I have been reading up on Harvey Penick's magic move. If the right elbow is in the correct position at the top, then the move is when the wieght shifts forward to the left, at the same time, the right elbow is returned to the body (right hip). This puts the club in the "slot"


----------



## Ponda (May 29, 2007)

Right, today I was back to my same old bad habit...the slice. My elbow wasn't flying out though...for some reason I'm now coming over the top and adding that nasty tail. I don't understand how in a matter of hours I can go from hitting my tee shot perfect to developing another bad habit and screwing everything up. I'm trying to keep my hands straight and come through the ball instead of rotating my right hand over and having a better swing plane. I guess that's why golf can be the most frustrating thing in the world.


----------



## stevel1017 (Apr 30, 2007)

it's not really the right hand rolling over, it's more the forearms, look at the pro's, they all roll the forearms over, it releases the club.
Maybe rolling over is the wrong term. But I hope you understand what I mean


----------



## mkoreiwo (Jan 8, 2007)

I feel for you...

I have been slicing drives to the point of wanting to leave my woods in the bag. Then, on Sunday, I was smokin' 'em. It was like a dream - on one hole i hit a 3W 290+,(though downhill to a flat landing area 0 it was still pure, I could feel it as soon as it left the club) and on the last my drive was like a cannon shot, based on the scorecard, it was just shy of 300. What I had been focusing on that day was keeping my backswing under control, and not letting the club get past parallel. I was actually thinking 3/4 swing, and relax.
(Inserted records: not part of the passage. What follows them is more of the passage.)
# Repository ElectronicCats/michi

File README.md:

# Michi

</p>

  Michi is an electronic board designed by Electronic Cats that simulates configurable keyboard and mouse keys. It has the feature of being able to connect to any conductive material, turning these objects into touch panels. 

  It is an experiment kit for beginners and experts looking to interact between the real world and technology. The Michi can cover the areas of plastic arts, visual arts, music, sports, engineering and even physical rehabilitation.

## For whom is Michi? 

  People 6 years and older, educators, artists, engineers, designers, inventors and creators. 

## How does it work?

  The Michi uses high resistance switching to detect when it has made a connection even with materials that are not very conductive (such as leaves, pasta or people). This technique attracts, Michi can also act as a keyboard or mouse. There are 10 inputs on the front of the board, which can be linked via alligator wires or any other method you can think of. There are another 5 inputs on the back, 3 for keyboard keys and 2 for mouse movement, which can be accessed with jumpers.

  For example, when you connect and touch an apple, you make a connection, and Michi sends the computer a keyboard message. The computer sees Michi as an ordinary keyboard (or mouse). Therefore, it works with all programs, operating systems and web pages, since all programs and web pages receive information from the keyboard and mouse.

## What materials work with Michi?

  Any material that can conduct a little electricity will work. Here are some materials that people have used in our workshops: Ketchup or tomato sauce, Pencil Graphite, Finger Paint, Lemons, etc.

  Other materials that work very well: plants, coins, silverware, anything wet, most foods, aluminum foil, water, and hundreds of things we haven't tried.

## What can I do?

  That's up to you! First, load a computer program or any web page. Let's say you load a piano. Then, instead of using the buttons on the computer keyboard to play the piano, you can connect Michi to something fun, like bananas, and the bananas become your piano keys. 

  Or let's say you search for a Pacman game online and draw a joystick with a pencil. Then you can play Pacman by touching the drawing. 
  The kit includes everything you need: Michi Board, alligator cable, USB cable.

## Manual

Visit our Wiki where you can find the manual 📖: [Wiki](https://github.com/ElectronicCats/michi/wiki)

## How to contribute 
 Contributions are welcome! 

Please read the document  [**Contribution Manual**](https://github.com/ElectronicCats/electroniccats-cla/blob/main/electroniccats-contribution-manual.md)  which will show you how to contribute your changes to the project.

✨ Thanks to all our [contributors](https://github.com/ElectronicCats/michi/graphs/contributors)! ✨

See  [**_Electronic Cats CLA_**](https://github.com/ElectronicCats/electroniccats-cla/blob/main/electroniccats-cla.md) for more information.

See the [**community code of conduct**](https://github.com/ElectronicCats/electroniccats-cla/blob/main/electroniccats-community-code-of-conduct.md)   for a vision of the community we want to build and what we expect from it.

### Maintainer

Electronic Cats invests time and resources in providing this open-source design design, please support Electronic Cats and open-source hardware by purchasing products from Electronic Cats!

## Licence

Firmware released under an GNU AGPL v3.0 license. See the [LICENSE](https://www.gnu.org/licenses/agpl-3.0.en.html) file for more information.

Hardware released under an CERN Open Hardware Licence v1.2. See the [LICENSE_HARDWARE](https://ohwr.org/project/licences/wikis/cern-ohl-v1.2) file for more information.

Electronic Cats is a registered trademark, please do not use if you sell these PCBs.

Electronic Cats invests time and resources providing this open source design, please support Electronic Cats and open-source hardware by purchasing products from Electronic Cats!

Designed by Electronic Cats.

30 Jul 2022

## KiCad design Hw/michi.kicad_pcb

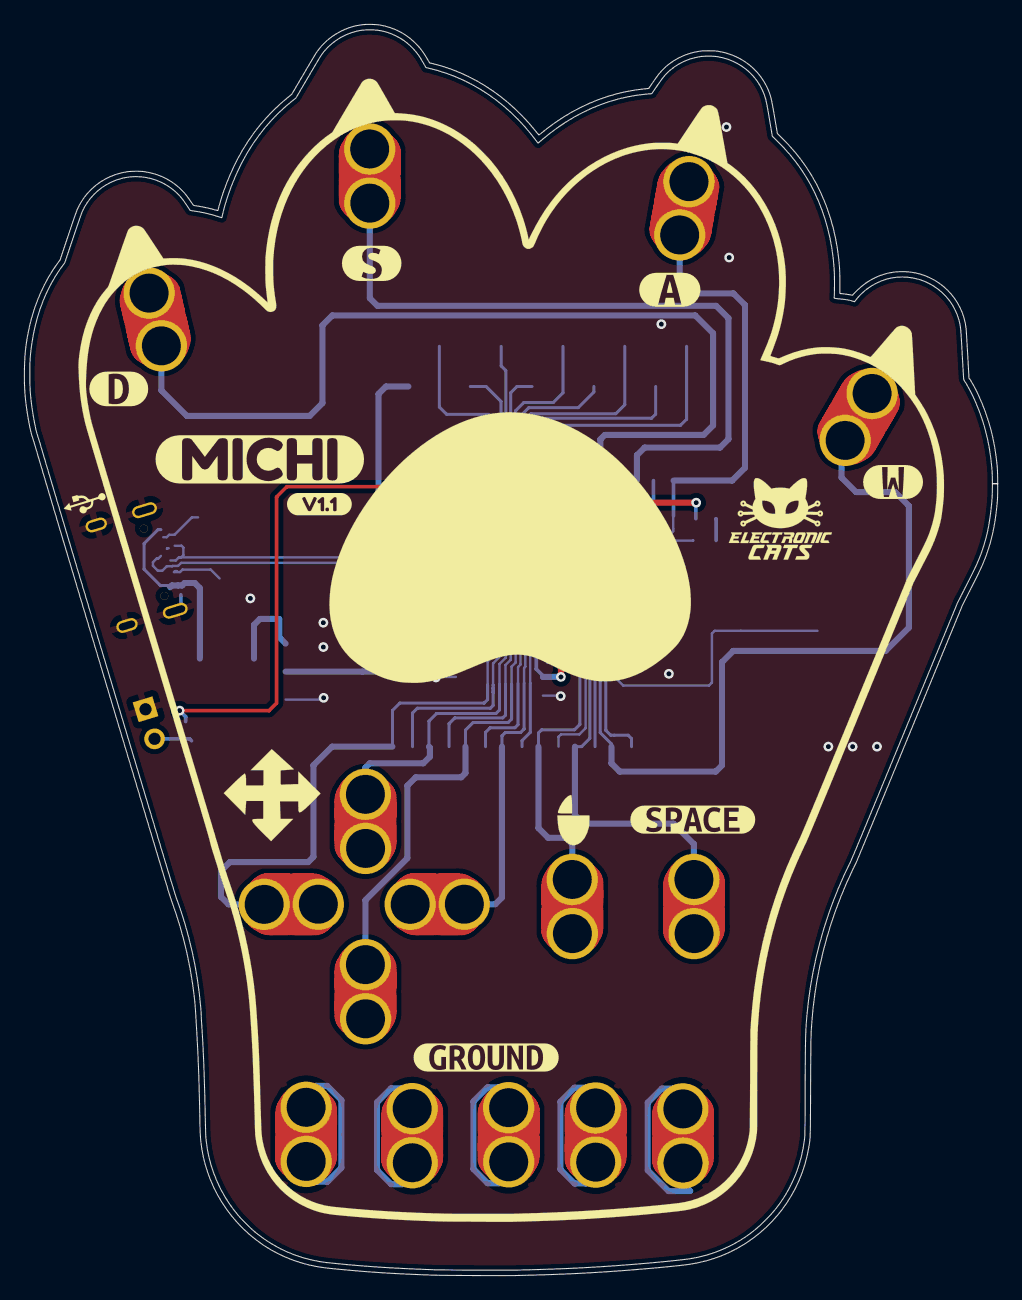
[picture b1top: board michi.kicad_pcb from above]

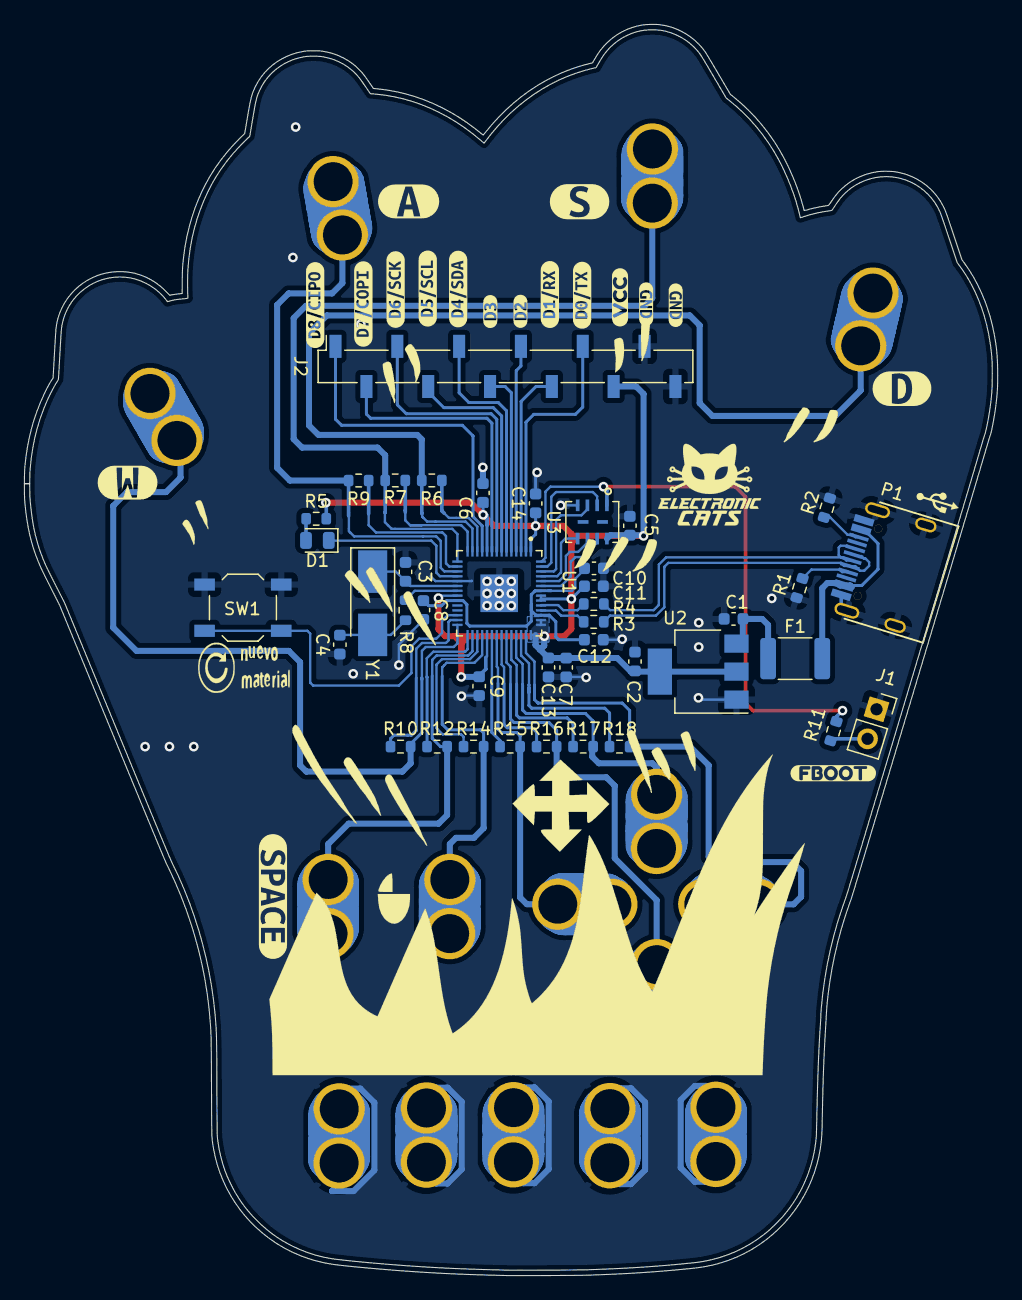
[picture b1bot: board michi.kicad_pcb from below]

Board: 2 copper layers, 80.0 x 102.8 mm, 85 parts (61 on the bottom side), 53 nets.

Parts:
C1, C2: 10uf; C_0603_1608Metric
C3, C4: 27pf; C_0603_1608Metric
C5, C7, C9, C10, C11, C12, C13, C14: .1uf; C_0603_1608Metric
C6, C8: 1uf; C_0603_1608Metric
D1: LED; D_0805_2012Metric
F1: 0.5A; Fuse_1812_4532Metric_Pad1.30x3.40mm_HandSolder
J1: Conn_01x02; PinSocket_1x02_P2.54mm_Vertical
J2: Conn_Right; PinSocket_1x12_P2.54mm_Vertical_SMD_Pin1Right
P1: USB_C_Plug_USB2.0; C393939
P6, P6#2, P6#3, P6#4, P6#5, P6#6, P6#7, P6#8, P6#9, P6#10, P6#11, P6#12, P6#13, P6#14, P6#15: D; SEWALLI_renew
R1, R2: 5.1K; R_0603_1608Metric
R3, R4: 27.4; R_0603_1608Metric
R5, R8, R11: 1k; R_0603_1608Metric
R6, R7, R9, R10, R12, R14, R15, R16, R17, R18: 22M; R_0603_1608Metric
Ref**: Val**; PCB_Michi_Act
SW1: SW_Push; SW_SPST_TL3342
U1: RP2040; QFN40P700X700X90-57N
U2: NCP1117ST33T3G; SOT-223-3_TabPin2
U3: W25Q128JVS; W25Q16JVUUIQ
Y1: Crystal; Crystal_SMD_5032-2Pin_5.0x3.2mm_HandSoldering
kibuzzard-63055E6D, kibuzzard-63055E6D#2: G***; kibuzzard-63055E6D
kibuzzard-63055E8E, kibuzzard-63055E8E#2: G***; kibuzzard-63055E8E
kibuzzard-63055E62, kibuzzard-63055E62#2: G***; kibuzzard-63055E62
kibuzzard-63055EA5, kibuzzard-63055EA5#2: G***; kibuzzard-63055EA5
kibuzzard-63055F28: G***; kibuzzard-63055F28
kibuzzard-63055FE6, kibuzzard-63055FE6#2: G***; kibuzzard-63055FE6
kibuzzard-630561F0: G***; kibuzzard-630561F0
kibuzzard-630562A3, kibuzzard-630562A3#2: G***; kibuzzard-630562A3
kibuzzard-630562BF: G***; kibuzzard-630562BF
kibuzzard-639765AD: G***; kibuzzard-639765AD
kibuzzard-639765C9: G***; kibuzzard-639765C9
kibuzzard-6305622D: G***; kibuzzard-6305622D
kibuzzard-6305624B: G***; kibuzzard-6305624B
kibuzzard-6305640E: G***; kibuzzard-6305640E
kibuzzard-6449595B: G***; kibuzzard-6449595B
kibuzzard-63056210: G***; kibuzzard-63056210
kibuzzard-63056260: G***; kibuzzard-63056260
kibuzzard-63056270: G***; kibuzzard-63056270
kibuzzard-63056280: G***; kibuzzard-63056280
kibuzzard-63056299: G***; kibuzzard-63056299
svg2mod, svg2mod#2: G***; usb_graphic

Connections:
+1V1: C8.1, C10.1, C12.1, U1.23 (DVDD), U1.45 (VREG_VOUT), U1.50 (DVDD)
+3V3: C2.1, C5.1, C6.1, C7.1, C9.1, C11.1, C13.1, C14.1, J2.10, R5.2, U1.1 (IOVDD), U1.10 (IOVDD), U1.22 (IOVDD), U1.33 (IOVDD), U1.42 (IOVDD), U1.43 (ADC_AVDD), U1.44 (VREG_VIN), U1.48 (USB_VDD), U1.49 (IOVDD), U2.2 (VO), U3.8 (VCC)
/D+: P1.A6 (D+), R4.2
/D-: P1.A7 (D-), R3.2
/DR+: R4.1, U1.47 (USB_DP)
/DR-: R3.1, U1.46 (USB_DM)
/IO0: J2.9, U1.2 (GPIO0)
/IO1: J2.8, U1.3 (GPIO1)
/IO2: J2.7, U1.4 (GPIO2)
/IO3: J2.6, U1.5 (GPIO3)
/IO4: J2.5, U1.6 (GPIO4)
/IO5: J2.4, U1.7 (GPIO5)
/IO6: J2.3, U1.8 (GPIO6)
/IO7: J2.2, U1.9 (GPIO7)
/IO8: J2.1, U1.11 (GPIO8)
/IO9: R6.2, U1.12 (GPIO9)
/IO10: P6#10.1, R6.1, U1.13 (GPIO10)
/IO11: R7.2, U1.14 (GPIO11)
/IO12: P6#12.1, R7.1, U1.15 (GPIO12)
/IO13: R9.2, U1.16 (GPIO13)
/IO14: P6.1, R9.1, U1.17 (GPIO14)
/IO15: D1.1 (K), U1.18 (GPIO15)
/IO16: R10.2, U1.27 (GPIO16)
/IO17: P6#11.1, R10.1, U1.28 (GPIO17)
/IO18: R12.2, U1.29 (GPIO18)
/IO19: P6#15.1, R12.1, U1.30 (GPIO19)
/IO20: R14.2, U1.31 (GPIO20)
/IO21: P6#8.1, R14.1, U1.32 (GPIO21)
/IO22: R15.2, U1.34 (GPIO22)
/IO23: P6#6.1, R15.1, U1.35 (GPIO23)
/IO24: R16.2, U1.36 (GPIO24)
/IO25: P6#2.1, R16.1, U1.37 (GPIO25)
/IO26: R17.2, U1.38 (GPIO26/ADC0)
/IO27: P6#3.1, R17.1, U1.39 (GPIO27/ADC1)
/IO28: R18.2, U1.40 (GPIO28/ADC2)
/IO29: P6#7.1, R18.1, U1.41 (GPIO29/ADC3)
/RST: SW1.1, U1.26 (RUN)
/SCLK: U1.52 (QSPI_SCLK), U3.6 (CLK)
/SD1: U1.55 (QSPI_SD1), U3.2 (DO(IO1))
/SD2: U1.54 (QSPI_SD2), U3.3 (IO2)
/SD3: U1.51 (QSPI_SD3), U3.7 (IO3)
/SDO: U1.53 (QSPI_SD0), U3.5 (DI(IO0))
/SS: R11.2, U1.56 (QSPI_CSN), U3.1 (~CS)
/XIN: C3.2, U1.20 (XIN), Y1.1
/XOUT: R8.1, U1.21 (XOUT)
GND: C1.2, C2.2, C3.1, C4.1, C5.2, C6.2, C7.2, C8.2, C9.2, C10.2, C11.2, C12.2, C13.2, C14.2, J1.1, J2.11, J2.12, P1.A1 (GND), P1.S1 (SHIELD), P6#4.1, P6#5.1, P6#9.1, P6#13.1, P6#14.1, R1.2, R2.2, SW1.2, U1.19 (TESTEN), U1.57 (GND), U2.1 (GND), U3.4 (GND)
unnamed: C4.2, R8.2, Y1.2
unnamed: D1.2 (A), R5.1
unnamed: F1.2, P1.A4 (VBUS)
unnamed: J1.2, R11.1
unnamed: P1.A5 (CC), R1.1
unnamed: P1.B5 (VCONN), R2.1
VBUS: C1.1, F1.1, U2.3 (VI)

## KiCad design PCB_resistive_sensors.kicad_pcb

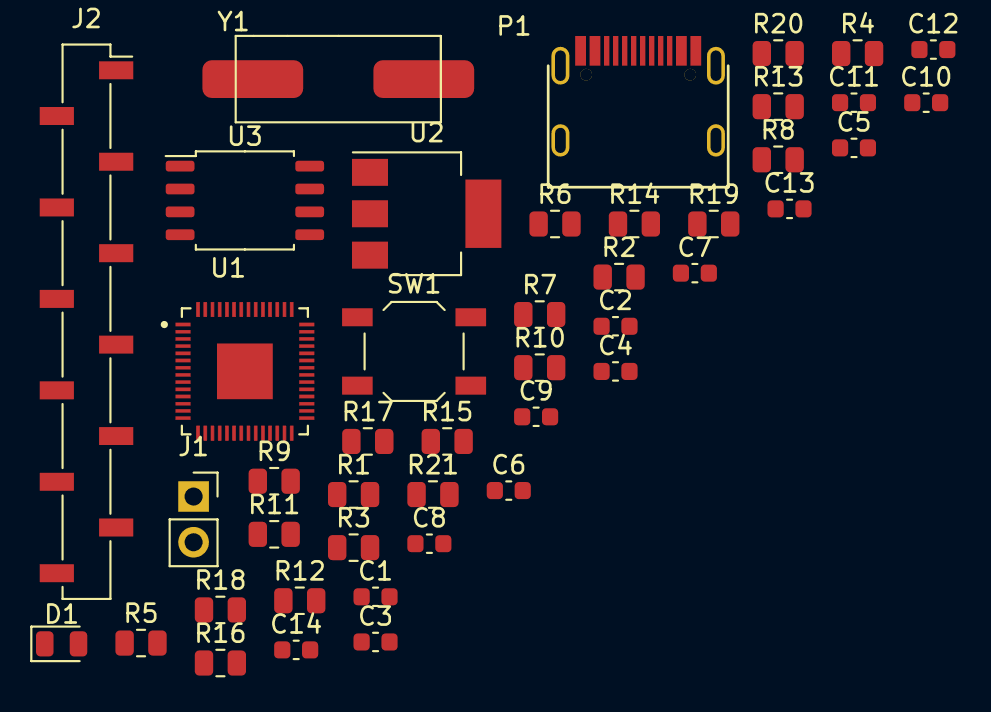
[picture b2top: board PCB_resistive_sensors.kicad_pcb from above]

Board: 2 copper layers, 44 parts (0 on the bottom side), 51 nets, no tracks yet.

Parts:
C1, C2: 10uf; C_0603_1608Metric
C3, C4: 27pf; C_0603_1608Metric
C5, C7, C9, C10, C11, C12, C13, C14: .1uf; C_0603_1608Metric
C6, C8: 1uf; C_0603_1608Metric
D1: LED; D_0805_2012Metric
J1: Conn_01x02; PinSocket_1x02_P2.54mm_Vertical
J2: Conn_Right; PinSocket_1x12_P2.54mm_Vertical_SMD_Pin1Right
P1: USB_C_Plug_USB2.0; C393939
R1, R2: 5.1K; R_0805_2012Metric
R3, R4: 27.4; R_0805_2012Metric
R5, R8, R11: 1k; R_0805_2012Metric
R6, R7, R9, R10, R12, R14, R15, R16, R17, R18, R19, R20: 22M; R_0805_2012Metric
R13: DNF; R_0805_2012Metric
R21: 10k; R_0805_2012Metric
SW1: SW_Push; SW_SPST_TL3342
U1: RP2040; QFN40P700X700X90-57N
U2: NCP1117ST33T3G; SOT-223-3_TabPin2
U3: W25Q128JVS; SOIC-8_5.23x5.23mm_P1.27mm
Y1: Crystal; ABLS-12.000MHZ-B4-T

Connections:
+1V1: C8.1, C10.1, C12.1, U1.23 (DVDD), U1.45 (VREG_VOUT), U1.50 (DVDD)
+3V3: C2.1, C5.1, C6.1, C7.1, C9.1, C11.1, C13.1, C14.1, R5.2, R13.2, R21.2, U1.1 (IOVDD), U1.10 (IOVDD), U1.22 (IOVDD), U1.33 (IOVDD), U1.42 (IOVDD), U1.43 (ADC_AVDD), U1.44 (VREG_VIN), U1.48 (USB_VDD), U1.49 (IOVDD), U2.2 (VO), U3.8 (VCC)
/D+: P1.A6 (D+), R4.2
/D-: P1.A7 (D-), R3.2
/IO0: R6.2, U1.2 (GPIO0)
/IO1: R6.1, U1.3 (GPIO1)
/IO2: R9.2, U1.4 (GPIO2)
/IO3: R9.1, U1.5 (GPIO3)
/IO4: R12.2, U1.6 (GPIO4)
/IO5: R12.1, U1.7 (GPIO5)
/IO6: R15.2, U1.8 (GPIO6)
/IO7: R15.1, U1.9 (GPIO7)
/IO8: R17.2, U1.11 (GPIO8)
/IO9: R17.1, U1.12 (GPIO9)
/IO10: R19.2, U1.13 (GPIO10)
/IO11: R19.1, U1.14 (GPIO11)
/IO12: R7.2, U1.15 (GPIO12)
/IO13: R7.1, U1.16 (GPIO13)
/IO14: R10.2, U1.17 (GPIO14)
/IO15: R10.1, U1.18 (GPIO15)
/IO16: R14.2, U1.27 (GPIO16)
/IO17: R14.1, U1.28 (GPIO17)
/IO18: R16.2, U1.29 (GPIO18)
/IO19: R16.1, U1.30 (GPIO19)
/IO21: R18.2, U1.32 (GPIO21)
/IO22: R18.1, U1.34 (GPIO22)
/IO23: R20.2, U1.35 (GPIO23)
/IO24: R20.1, U1.36 (GPIO24)
/IO25: J2.1, U1.37 (GPIO25)
/IO26: J2.2, U1.38 (GPIO26/ADC0)
/IO27: J2.3, U1.39 (GPIO27/ADC1)
/IO28: J2.4, U1.40 (GPIO28/ADC2)
/IO29: J2.5, U1.41 (GPIO29/ADC3)
/RST: R21.1, SW1.1, U1.26 (RUN)
/SCLK: U1.52 (QSPI_SCLK), U3.6 (CLK)
/SD1: U1.55 (QSPI_SD1), U3.2 (DO(IO1))
/SD2: U1.54 (QSPI_SD2), U3.3 (IO2)
/SD3: U1.51 (QSPI_SD3), U3.7 (IO3)
/SDO: U1.53 (QSPI_SD0), U3.5 (DI(IO0))
/SS: R11.2, R13.1, U1.56 (QSPI_CSN), U3.1 (~CS)
/XIN: C3.2, U1.20 (XIN), Y1.1
/XOUT: R8.2, U1.21 (XOUT)
GND: C1.2, C2.2, C3.1, C4.1, C5.2, C6.2, C7.2, C8.2, C9.2, C10.2, C11.2, C12.2, C13.2, C14.2, D1.1 (K), J1.1, P1.A1 (GND), P1.S1 (SHIELD), R1.2, R2.2, SW1.2, U1.19 (TESTEN), U1.57 (GND), U2.1 (GND), U3.4 (GND)
unnamed: C4.2, R8.1, Y1.2
unnamed: D1.2 (A), R5.1
unnamed: J1.2, R11.1
unnamed: P1.A5 (CC), R1.1
unnamed: P1.B5 (VCONN), R2.1
unnamed: R3.1, U1.46 (USB_DM)
unnamed: R4.1, U1.47 (USB_DP)
VBUS: C1.1, P1.A4 (VBUS), U2.3 (VI)

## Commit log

2022-06-30 Added project
2022-06-30 Created "Hw" carpet
2022-06-30 add gitignore
2022-06-30 anotate changes
2022-08-15 rename files hardware
2022-08-15 Added Art Michi
2022-08-19 Floorplan placement
2022-08-22 Started PCB routing
2022-08-22 Fixed PCB outline
2022-08-22 Resisitive sensors connected
2022-08-23 Edge.Cuts generated
2022-08-23 Reverse footprint
2022-08-23 Add labels
2022-08-24 fix footprints
2022-08-24 Resize
2022-08-24 update v1.0 layout
2022-08-30 Update BOM
2022-09-06 Init firmware
2022-09-06 Update labels schematic
2022-09-06 add file uf2
2022-10-21 Fixed mouse bug
2022-12-12 fix label VCC 3v3
2023-04-26 label v1.1
2023-10-27 change R3 & R4 #manf for stock
2024-04-09 feta (docs): Update README.md
    Hww to contribute added

I was ecstatic, then yesterday... horrible again. But I will get to the range and see if I could find that swing again... So I guess my suggestion is less of a swing.... That's all I got.

Good Luck!!

mike


----------



## bjterry62 (Jun 12, 2007)

Ponda said:


> I am finally hitting the ball straight again...
> 
> I think I may have met Jesus today...just maybe. Today I was at the chipping green going through my normal warm up. And I notice that this old man is coming toward me. He walks up to me and says "What in the hell are you doing?". Considering I've never met the man in my life and I'm down there minding my own business...my only answer is "uhhhhh......I'm practicing my short game, sir". He then starts to ask me if I think what I'm doing is the correct shot for where I'm trying to hit the ball. Considering it was just a practice green and that there wasn't a bunker between me and my destination...I guess a high loft shot wasn't what I was looking for, but I was practicing it anyway. He then began to ask me a series of questions...
> 
> ...


I think I would probably be in church on Sunday, just in case!


----------



## Ponda (May 29, 2007)

Hey guys, got another question....I went to D ick's today to hit some new drivers. I'm not sure how accurate their computer is, but I had a swing speed of about 100-105. Now, I've changed my swing a little...keeping my elbow in and really turning my hips and trying to work on getting in the slot. I got rid of the "slice" and now it's more of a push to the right, so I'm thinking that's another good sign that an x-stiff is not a good choice. I hit a stiff Hibore XL and hit it pretty well...the computer said it was still going right, but the guy wouldn't take off the plastic on the grip, I could feel the club twisting when I would swing. Then I hit a regular flex Sumo Square and the computer showed that it was going straight down the middle but had a small tail right at the end. The guy told me that it was more than likely because of the R flex shaft. They didn't have an S flex so I didn't get to hit that. Anyway...here's where I've got a choice to make...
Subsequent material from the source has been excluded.